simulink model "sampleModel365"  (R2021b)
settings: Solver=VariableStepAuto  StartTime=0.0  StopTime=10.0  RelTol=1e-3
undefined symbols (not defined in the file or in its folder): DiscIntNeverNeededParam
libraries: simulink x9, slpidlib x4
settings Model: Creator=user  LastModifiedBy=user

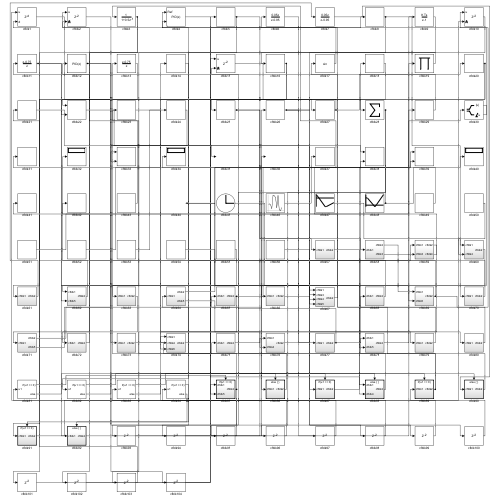
[thumbnail: Simulink's stored preview of the top-level diagram]
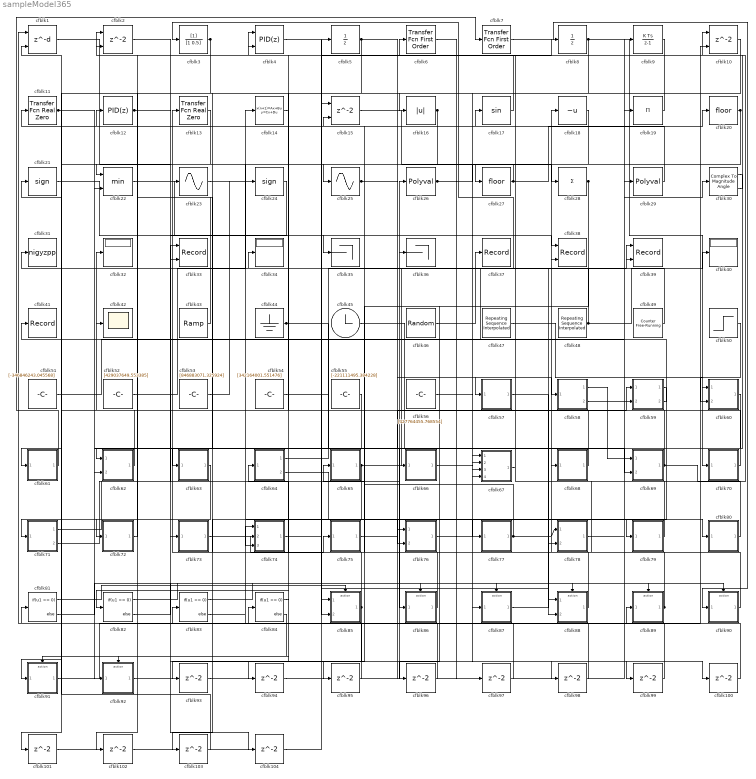
== system sampleModel365 ==
  cfblk1 : Delay  DelayLengthSource=Input port  SampleTime=1
      settings: InputPortMap=u0,p1
  cfblk10 : Delay  ShowEnablePort=on  SampleTime=1
      settings: InputPortMap=u0,e6
  cfblk{93..104} (12 alike) : Delay  SampleTime=1
  cfblk11 : simulink/Discrete/Transfer Fcn Real Zero  ZeroZ=0.75  ICPrevInput=0.0  DoSatur=off
      settings: SourceProductBaseCode=SL
  cfblk12 : slpidlib/PID Controller  Controller=PID  Form=Parallel  TimeDomain=Discrete-time  UseExternalTs=off  SampleTime=1  IntegratorMethod=Forward Euler  FilterMethod=Forward Euler  ControllerParametersSource=internal  P=1  I=1  D=0  UseFilter=on  N=100  TunerSelectOption=Transfer Function Based (PID Tuner App)  InitialConditionSource=internal  InitialConditionForIntegrator=0  InitialConditionForFilter=0  DifferentiatorICPrevScaledInput=0  ExternalReset=none  TrackingMode=off  Kt=1  LimitOutput=off  SatLimitsSource=internal  UpperSaturationLimit=inf  LowerSaturationLimit=-inf  LinearizeAsGain=off  AntiWindupMode=none  Kb=1  POutMin=[]  POutMax=[]  IOutMin=[]  IOutMax=[]  DOutMin=[]  DOutMax=[]  NOutMin=[]  NOutMax=[]  SumOutMin=[]  SumOutMax=[]  SaturationOutMin=[]  SaturationOutMax=[]  PParamMin=[]  PParamMax=[]  IParamMin=[]  IParamMax=[]  DParamMin=[]  DParamMax=[]  NParamMin=[]  NParamMax=[]  KbParamMin=[]  KbParamMax=[]  KtParamMin=[]  KtParamMax=[]  KbOutMin=[]  KbOutMax=[]  KtOutMin=[]  KtOutMax=[]  IntegratorOutMin=[]  IntegratorOutMax=[]  FilterOutMin=[]  FilterOutMax=[]  SumI1OutMin=[]  SumI1OutMax=[]  SumI2OutMin=[]  SumI2OutMax=[]  SumI3OutMin=[]  SumI3OutMax=[]  SumI4OutMin=[]  SumI4OutMax=[]  SumDOutMin=[]  SumDOutMax=[]  DifferentiatorOutMin=[]  DifferentiatorOutMax=[]  FilterDiffOutCoefMin=[]  FilterDiffOutCoefMax=[]  ReciprocalOutMin=[]  ReciprocalOutMax=[]  SumDenOutMin=[]  SumDenOutMax=[]  SumNumOutMin=[]  SumNumOutMax=[]  DivideOutMin=[]  DivideOutMax=[]  UdiffTsProdOutMin=[]  UdiffTsProdOutMax=[]  NTsProdOutMin=[]  NTsProdOutMax=[]  UintegralTsProdOutMin=[]  UintegralTsProdOutMax=[]  UngainTsProdOutMin=[]  UngainTsProdOutMax=[]  IntegratorContinuousStateAttributes=''  IntegratorStateMustResolveToSignalObject=off  IntegratorRTWStateStorageClass=Auto  FilterContinuousStateAttributes=''  FilterStateMustResolveToSignalObject=off  FilterRTWStateStorageClass=Auto  ParallelPVariant=InternalParameters  IdealPVariant=Disabled  IVariant=InternalParameters  DVariant=InternalParameters  IntegratorVariant=Discrete  SatVariant=Disabled  AWVariant=Passthrough  PCopyVariant=Disabled  TRVariant=Disabled  FdbkBlocksVariant=Forward  IdealPFdbkVariant=Disabled  SatFdbkVariant=Disabled  DerivativeFilterVariant=ForwardEulerFilter  NVariant=InternalParameters  NCopyVariant=Disabled  FilterICVariant=InternalICsFilter  IntegratorICVariant=InternalICs  ExternalResetVariant=Disabled  TRSumVariant=Passthrough  SumFdbkVariant=Disabled  SumVariant=Sum_PID  TsampFilterVariant=InternalTs  TsampNgainVariant=Passthrough  TsampIntegralVariant=Passthrough  ExternalSaturationOutDataTypeStr=Inherit: Same as second input
  cfblk13 : simulink/Discrete/Transfer Fcn Real Zero  ZeroZ=0.75  ICPrevInput=0.0  DoSatur=off
      settings: SourceProductBaseCode=SL
  cfblk14 : DiscreteStateSpace
  cfblk15 : Delay  ShowEnablePort=on  SampleTime=1
      settings: InputPortMap=u0,e6
  cfblk16 : Abs
  cfblk17 : Trigonometry
  cfblk18 : UnaryMinus
  cfblk19 : Product  Inputs=*
  cfblk2 : Delay  ShowEnablePort=on  SampleTime=1
      settings: InputPortMap=u0,e6
  cfblk20 : Rounding
  cfblk21 : Signum
  cfblk22 : MinMax  Inputs=2
  cfblk23 : Sin  TimeSource=Use external signal  SampleTime=0
  cfblk24 : Signum
  cfblk25 : Sin  TimeSource=Use external signal  SampleTime=0
  cfblk26 : Polyval  Coefs=[ +2.081618890e-019, -1.441693666e-014, +4.719686976e-010, -8.536869453e-006, +1.621573104e-001, -8.087801117e+001 ]
  cfblk27 : Rounding
  cfblk28 : Sum  Inputs=+
  cfblk29 : Polyval  Coefs=[ +2.081618890e-019, -1.441693666e-014, +4.719686976e-010, -8.536869453e-006, +1.621573104e-001, -8.087801117e+001 ]
  cfblk3 : DiscreteFilter  SampleTime=1
  cfblk30 : ComplexToMagnitudeAngle
  cfblk31 : ToWorkspace  VariableName=nigyzpp  SaveFormat=Timeseries  SampleTime=-1
  cfblk32 : Display
  cfblk33 : Record  FileSettingsInternal="{\"entries\":[{\"content\":{\"excelSettings\":{\"content\":{},\"type\":\"Streamout.ExcelSettings\"}},\"type\":\"Streamout.FileSettingStorage\",\"uuid\":\"567b8140-eb5c-4048-b530-8f92b88b9877\"}],\"packageUris\":[\"http://schema.mathworks.com/mf0/streamout_blocks/R2020a\"],\"version\":\"1.0\"}"  Layout=[1 1]  SignalsInternal="{\"entries\":[{\"content\":{\"signals\":[{\"content\":{\"blockPath\":[\"sampleModel365/cfblk33\"],\"channel\":[],\"dimensions\":[1],\"domain\":\"sampleModel365/cfblk33\",\"lineColor\":\"#a2142f\",\"plots\":[1],\"port\":1,\"sid\":[\"\"],\"signalID\":15095,\"signalName\":\"cfblk71:1\"},\"type\":\"RecordBlkView.Signal\",\"uuid\":\"13d7f1e2-b6fb-48eb-b80d-9a015310c975\"},{\"content\":{\"blockPath\":[\"sampleModel365/cfblk33\"],\"channel\":[],\"dimensions\":[1],\"domain\":\"sampleModel365/cfblk33\",\"lineColor\":\"#139fff\",\"plots\":[1],\"port\":2,\"sid\":[\"\"],\"signalID\":15099,\"signalName\":\"cfblk24\"},\"type\":\"RecordBlkView.Signal\",\"uuid\":\"a06a9fc9-9345-432e-829d-64d9e5ba65b8\"}]},\"type\":\"RecordBlkView.InputSignals\",\"uuid\":\"33d499b8-4f10-4db5-961c-bad95c7f5677\"}],\"packageUris\":[\"http://schema.mathworks.com/mf0/streamout_blocks/R2020a\"],\"version\":\"1.0\"}"  VisualizationBindings="{\"xyplotplugin\":{\"info\":[{\"series\":[{\"bindingParametersList\":[{\"parameter\":\"X-Axis\",\"signalID\":15095,\"signalName\":\"cfblk71:1\"},{\"parameter\":\"Y-Axis\",\"signalID\":15099,\"signalName\":\"cfblk24\"}],\"seriesID\":36555}],\"subplotID\":1}]}}"  CompatibilityTag=XY
  cfblk34 : Display
  cfblk35 : Terminator
  cfblk36 : Terminator
  cfblk37 : Record  FileSettingsInternal="{\"entries\":[{\"content\":{\"excelSettings\":{\"content\":{},\"type\":\"Streamout.ExcelSettings\"}},\"type\":\"Streamout.FileSettingStorage\",\"uuid\":\"649bd7b5-baee-4403-bfdf-0451a9d50882\"}],\"packageUris\":[\"http://schema.mathworks.com/mf0/streamout_blocks/R2020a\"],\"version\":\"1.0\"}"  SignalsInternal="{\"entries\":[{\"content\":{\"signals\":[{\"content\":{\"blockPath\":[\"sampleModel365/cfblk37\"],\"channel\":[],\"dimensions\":[1],\"domain\":\"sampleModel365/cfblk37\",\"lineColor\":\"#22b573\",\"plots\":[1],\"port\":1,\"sid\":[\"\"],\"signalID\":15119,\"signalName\":\"cfblk46\"},\"type\":\"RecordBlkView.Signal\",\"uuid\":\"1a7fcce6-5cc4-4007-aa49-3d2bea6aa8b4\"}]},\"type\":\"RecordBlkView.InputSignals\",\"uuid\":\"0982ba8e-6094-4d7a-b36e-3969a046187e\"}],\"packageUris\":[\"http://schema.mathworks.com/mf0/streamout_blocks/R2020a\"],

◇ ◇ ◇ ◇ ◇ ◇ ◇

- _YOUR GOAL_
Determine the number of lines in the listing that hold the word "Rounding", and supply that number and nothing further.

- _RESULT FOR THIS EXERCISE_
2